What is needed = Leaving out all pictures, return the records word for word.

BEGIN Data to process

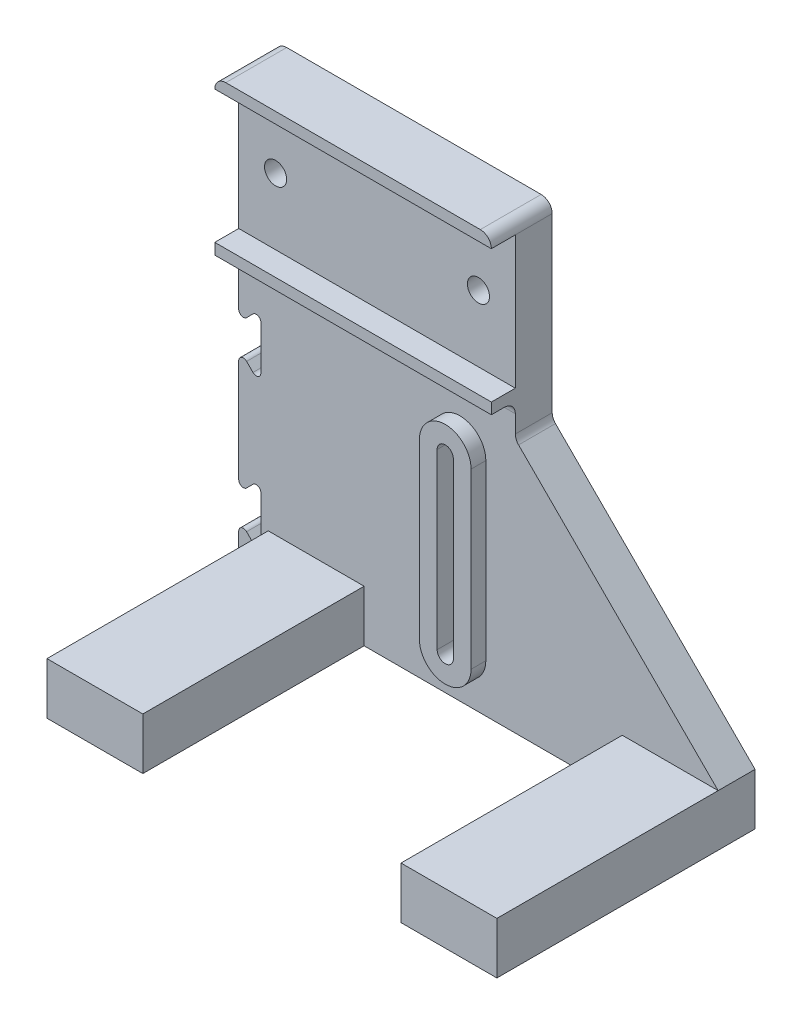
SolidWorks part; units mm, degrees
material "PET"
ref_plane "Front Plane" through (0, 0, 0) normal (0, 0, 1) x (1, 0, 0)
ref_plane "Top Plane" through (0, 0, 0) normal (0, 1, 0) x (1, 0, 0)
ref_plane "Right Plane" through (0, 0, 0) normal (1, 0, 0) x (0, 0, -1)
sketch "Sketch2" plane through (0, 0, 0) normal (0, 0, 1) x (1, 0, 0)
  line L0 (0, 0) -> (130, 0)
  line L1 (130, 0) -> (130, 14)
  line L2 (130, 14) -> (75, 69)
  line L3 (75, 69) -> (75, 120)
  line L4 (75, 120) -> (0, 120)
  line L5 (0, 120) -> (0, 0)
  dimension "D1" = 120
  dimension "D2" = 75
  dimension "D3" = 14
  dimension "D4" = 55
  dimension "D5" = 130
extrude "Boss-Extrude1" add sketch "Sketch2" against normal blind 10
sketch "Sketch3" plane through (0, 0, 0) normal (0, 0, 1) x (1, 0, 0)
  line L0 (75, 69) -> (75, 120) construction
  line L1 (0, 120) -> (75, 120)
  line L2 (0, 120) -> (0, 117)
  line L3 (0, 117) -> (75, 117)
  line L4 (75, 120) -> (75, 117)
  line L5 (0, 120) -> (75, 117) construction
  line L6 (0, 117) -> (75, 120) construction
  line L7 (0, 120) -> (0, 0) construction
  line L8 (0, 81) -> (75, 81)
  line L9 (0, 81) -> (0, 78)
  line L10 (0, 78) -> (75, 78)
  line L11 (75, 81) -> (75, 78)
  line L12 (0, 81) -> (75, 78) construction
  line L13 (0, 78) -> (75, 81) construction
  point P4 (37.5, 118.5)
  point P12 (37.5, 79.5)
  dimension "D1" = 3
  dimension "D2" = 36
extrude "Boss-Extrude2" add sketch "Sketch3" along normal blind 6.5
sketch "Sketch4" plane through (0, 0, 0) normal (0, 0, 1) x (1, 0, 0)
  line L0 (0, 99) -> (75, 99) construction
  line L1 (0, 117) -> (0, 81) construction
  line L2 (75, 81) -> (75, 117) construction
  circle A0 centre (10, 99) radius 3
  circle A1 centre (65, 99) radius 3
  dimension "D1" = 10
  dimension "D3" = 6
  dimension "D2" = 10
extrude "Cut-Extrude2" cut sketch "Sketch4" against normal up to surface (10 mm away) up to face at (68.3333, 53.8333, -10)
sketch "Sketch5" plane through (0, 0, 0) normal (0, 0, 1) x (1, 0, 0)
  line L0 (0, 0) -> (130, 0) construction
  line L1 (130, 14) -> (104, 14)
  line L2 (130, 14) -> (130, 0)
  line L3 (130, 0) -> (104, 0)
  line L4 (104, 14) -> (104, 0)
  line L5 (130, 14) -> (104, 0) construction
  line L6 (130, 0) -> (104, 14) construction
  line L7 (69, 0) -> (69, 120) construction
  line L8 (75, 120) -> (0, 120) construction
  line L9 (8, 0) -> (34, 0)
  line L10 (34, 14) -> (34, 0)
  line L11 (8, 14) -> (34, 14)
  line L12 (8, 14) -> (8, 0)
  line L13 (0, 78) -> (0, 0) construction
  point P4 (117, 7)
  dimension "D1" = 26
  dimension "D2" = 8
extrude "Boss-Extrude3" add sketch "Sketch5" along normal blind 60
sketch "Sketch6" plane through (0, 0, 0) normal (0, 0, 1) x (1, 0, 0)
  line L0 (0, 16) -> (6, 16) construction
  line L1 (0, 78) -> (0, 0) construction
  line L2 (0, 13) -> (6, 7)
  line L3 (6, 7) -> (6, 25)
  line L4 (6, 25) -> (0, 19)
  line L5 (8, 0) -> (34, 0) construction
  line L6 (0, 19) -> (0, 13)
  line L7 (0, 36) -> (-23.6105, 36) construction
  line L8 (0, 56) -> (6, 56) construction
  line L9 (6, 47) -> (0, 53)
  line L10 (6, 65) -> (6, 47)
  line L11 (0, 59) -> (6, 65)
  line L12 (0, 53) -> (0, 59)
  dimension "D1" = 6
  dimension "D2" = 6
  dimension "D3" = 16
  dimension "D4" = 6
  dimension "D5" = 40
sketch "Sketch7" plane through (0, 0, 0) normal (0, 0, 1) x (1, 0, 0)
  line L0 (60, 0) -> (60, 120) construction
  line L1 (34, 0) -> (104, 0) construction
  line L2 (75, 120) -> (0, 120) construction
  line L3 (60, 13) -> (60, 60) construction
  line L4 (53, 13) -> (53, 60)
  line L5 (67, 13) -> (67, 60)
  arc A0 (53, 13) -> (67, 13) centre (60, 13) ccw
  arc A1 (67, 60) -> (53, 60) centre (60, 60) ccw
  point P4 (60, 36.5)
  point P14 (60, 6)
  point P15 (60, 67)
  dimension "D1" = 26
  dimension "D2" = 7
  dimension "D3" = 6
extrude "Boss-Extrude5" add sketch "Sketch7" along normal blind 4
sketch "Sketch8" plane through (0, 0, 4) normal (0, 0, 1) x (1, 0, 0)
  line L4 (62.2, 13) -> (62.2, 60)
  line L5 (57.8, 60) -> (57.8, 13)
  line L6 (62.2, 13) -> (62.2, 60)
  line L7 (57.8, 60) -> (57.8, 13)
  arc A4 (57.8, 13) -> (62.2, 13) centre (60, 13) ccw
  arc A5 (62.2, 60) -> (57.8, 60) centre (60, 60) ccw
  arc A6 (57.8, 13) -> (62.2, 13) centre (60, 13) ccw
  arc A7 (62.2, 60) -> (57.8, 60) centre (60, 60) ccw
  dimension "D1" = 4.8
extrude "Cut-Extrude3" cut sketch "Sketch8" against normal through all
fillet "Fillet2" radius 3 4 edges at (75, 120, -1.75) (0, 120, -1.75) (37.5, 78, 0) (75, 69, -5)
extrude "Cut-Extrude4" cut sketch "Sketch6" against normal through all
fillet "Fillet3" radius 1.25 8 edges at (6, 25, -5) (6, 7, -5) (0, 13, -5) (0, 19, -5) (6, 47, -5) (0, 53, -5) (6, 65, -5) (0, 59, -5)

END Data to process

Solved problem =
SolidWorks part; units mm, degrees
material "PET"
ref_plane "Front Plane" through (0, 0, 0) normal (0, 0, 1) x (1, 0, 0)
ref_plane "Top Plane" through (0, 0, 0) normal (0, 1, 0) x (1, 0, 0)
ref_plane "Right Plane" through (0, 0, 0) normal (1, 0, 0) x (0, 0, -1)
sketch "Sketch2" plane through (0, 0, 0) normal (0, 0, 1) x (1, 0, 0)
  line L0 (0, 0) -> (130, 0)
  line L1 (130, 0) -> (130, 14)
  line L2 (130, 14) -> (75, 69)
  line L3 (75, 69) -> (75, 120)
  line L4 (75, 120) -> (0, 120)
  line L5 (0, 120) -> (0, 0)
  dimension "D1" = 120
  dimension "D2" = 75
  dimension "D3" = 14
  dimension "D4" = 55
  dimension "D5" = 130
extrude "Boss-Extrude1" add sketch "Sketch2" against normal blind 10
sketch "Sketch3" plane through (0, 0, 0) normal (0, 0, 1) x (1, 0, 0)
  line L0 (75, 69) -> (75, 120) construction
  line L1 (0, 120) -> (75, 120)
  line L2 (0, 120) -> (0, 117)
  line L3 (0, 117) -> (75, 117)
  line L4 (75, 120) -> (75, 117)
  line L5 (0, 120) -> (75, 117) construction
  line L6 (0, 117) -> (75, 120) construction
  line L7 (0, 120) -> (0, 0) construction
  line L8 (0, 81) -> (75, 81)
  line L9 (0, 81) -> (0, 78)
  line L10 (0, 78) -> (75, 78)
  line L11 (75, 81) -> (75, 78)
  line L12 (0, 81) -> (75, 78) construction
  line L13 (0, 78) -> (75, 81) construction
  point P4 (37.5, 118.5)
  point P12 (37.5, 79.5)
  dimension "D1" = 3
  dimension "D2" = 36
extrude "Boss-Extrude2" add sketch "Sketch3" along normal blind 6.5
sketch "Sketch4" plane through (0, 0, 0) normal (0, 0, 1) x (1, 0, 0)
  line L0 (0, 99) -> (75, 99) construction
  line L1 (0, 117) -> (0, 81) construction
  line L2 (75, 81) -> (75, 117) construction
  circle A0 centre (10, 99) radius 3
  circle A1 centre (65, 99) radius 3
  dimension "D1" = 10
  dimension "D3" = 6
  dimension "D2" = 10
extrude "Cut-Extrude2" cut sketch "Sketch4" against normal up to surface (10 mm away) up to face at (68.3333, 53.8333, -10)
sketch "Sketch5" plane through (0, 0, 0) normal (0, 0, 1) x (1, 0, 0)
  line L0 (0, 0) -> (130, 0) construction
  line L1 (130, 14) -> (104, 14)
  line L2 (130, 14) -> (130, 0)
  line L3 (130, 0) -> (104, 0)
  line L4 (104, 14) -> (104, 0)
  line L5 (130, 14) -> (104, 0) construction
  line L6 (130, 0) -> (104, 14) construction
  line L7 (69, 0) -> (69, 120) construction
  line L8 (75, 120) -> (0, 120) construction
  line L9 (8, 0) -> (34, 0)
  line L10 (34, 14) -> (34, 0)
  line L11 (8, 14) -> (34, 14)
  line L12 (8, 14) -> (8, 0)
  line L13 (0, 78) -> (0, 0) construction
  point P4 (117, 7)
  dimension "D1" = 26
  dimension "D2" = 8
extrude "Boss-Extrude3" add sketch "Sketch5" along normal blind 60
sketch "Sketch6" plane through (0, 0, 0) normal (0, 0, 1) x (1, 0, 0)
  line L0 (0, 16) -> (6, 16) construction
  line L1 (0, 78) -> (0, 0) construction
  line L2 (0, 13) -> (6, 7)
  line L3 (6, 7) -> (6, 25)
  line L4 (6, 25) -> (0, 19)
  line L5 (8, 0) -> (34, 0) construction
  line L6 (0, 19) -> (0, 13)
  line L7 (0, 36) -> (-23.6105, 36) construction
  line L8 (0, 56) -> (6, 56) construction
  line L9 (6, 47) -> (0, 53)
  line L10 (6, 65) -> (6, 47)
  line L11 (0, 59) -> (6, 65)
  line L12 (0, 53) -> (0, 59)
  dimension "D1" = 6
  dimension "D2" = 6
  dimension "D3" = 16
  dimension "D4" = 6
  dimension "D5" = 40
sketch "Sketch7" plane through (0, 0, 0) normal (0, 0, 1) x (1, 0, 0)
  line L0 (60, 0) -> (60, 120) construction
  line L1 (34, 0) -> (104, 0) construction
  line L2 (75, 120) -> (0, 120) construction
  line L3 (60, 13) -> (60, 60) construction
  line L4 (53, 13) -> (53, 60)
  line L5 (67, 13) -> (67, 60)
  arc A0 (53, 13) -> (67, 13) centre (60, 13) ccw
  arc A1 (67, 60) -> (53, 60) centre (60, 60) ccw
  point P4 (60, 36.5)
  point P14 (60, 6)
  point P15 (60, 67)
  dimension "D1" = 26
  dimension "D2" = 7
  dimension "D3" = 6
extrude "Boss-Extrude5" add sketch "Sketch7" along normal blind 4
sketch "Sketch8" plane through (0, 0, 4) normal (0, 0, 1) x (1, 0, 0)
  line L4 (62.2, 13) -> (62.2, 60)
  line L5 (57.8, 60) -> (57.8, 13)
  line L6 (62.2, 13) -> (62.2, 60)
  line L7 (57.8, 60) -> (57.8, 13)
  arc A4 (57.8, 13) -> (62.2, 13) centre (60, 13) ccw
  arc A5 (62.2, 60) -> (57.8, 60) centre (60, 60) ccw
  arc A6 (57.8, 13) -> (62.2, 13) centre (60, 13) ccw
  arc A7 (62.2, 60) -> (57.8, 60) centre (60, 60) ccw
  dimension "D1" = 4.8
extrude "Cut-Extrude3" cut sketch "Sketch8" against normal through all
fillet "Fillet2" radius 3 4 edges at (75, 120, -1.75) (0, 120, -1.75) (37.5, 78, 0) (75, 69, -5)
extrude "Cut-Extrude4" cut sketch "Sketch6" against normal through all
fillet "Fillet3" radius 1.25 8 edges at (6, 25, -5) (6, 7, -5) (0, 13, -5) (0, 19, -5) (6, 47, -5) (0, 53, -5) (6, 65, -5) (0, 59, -5)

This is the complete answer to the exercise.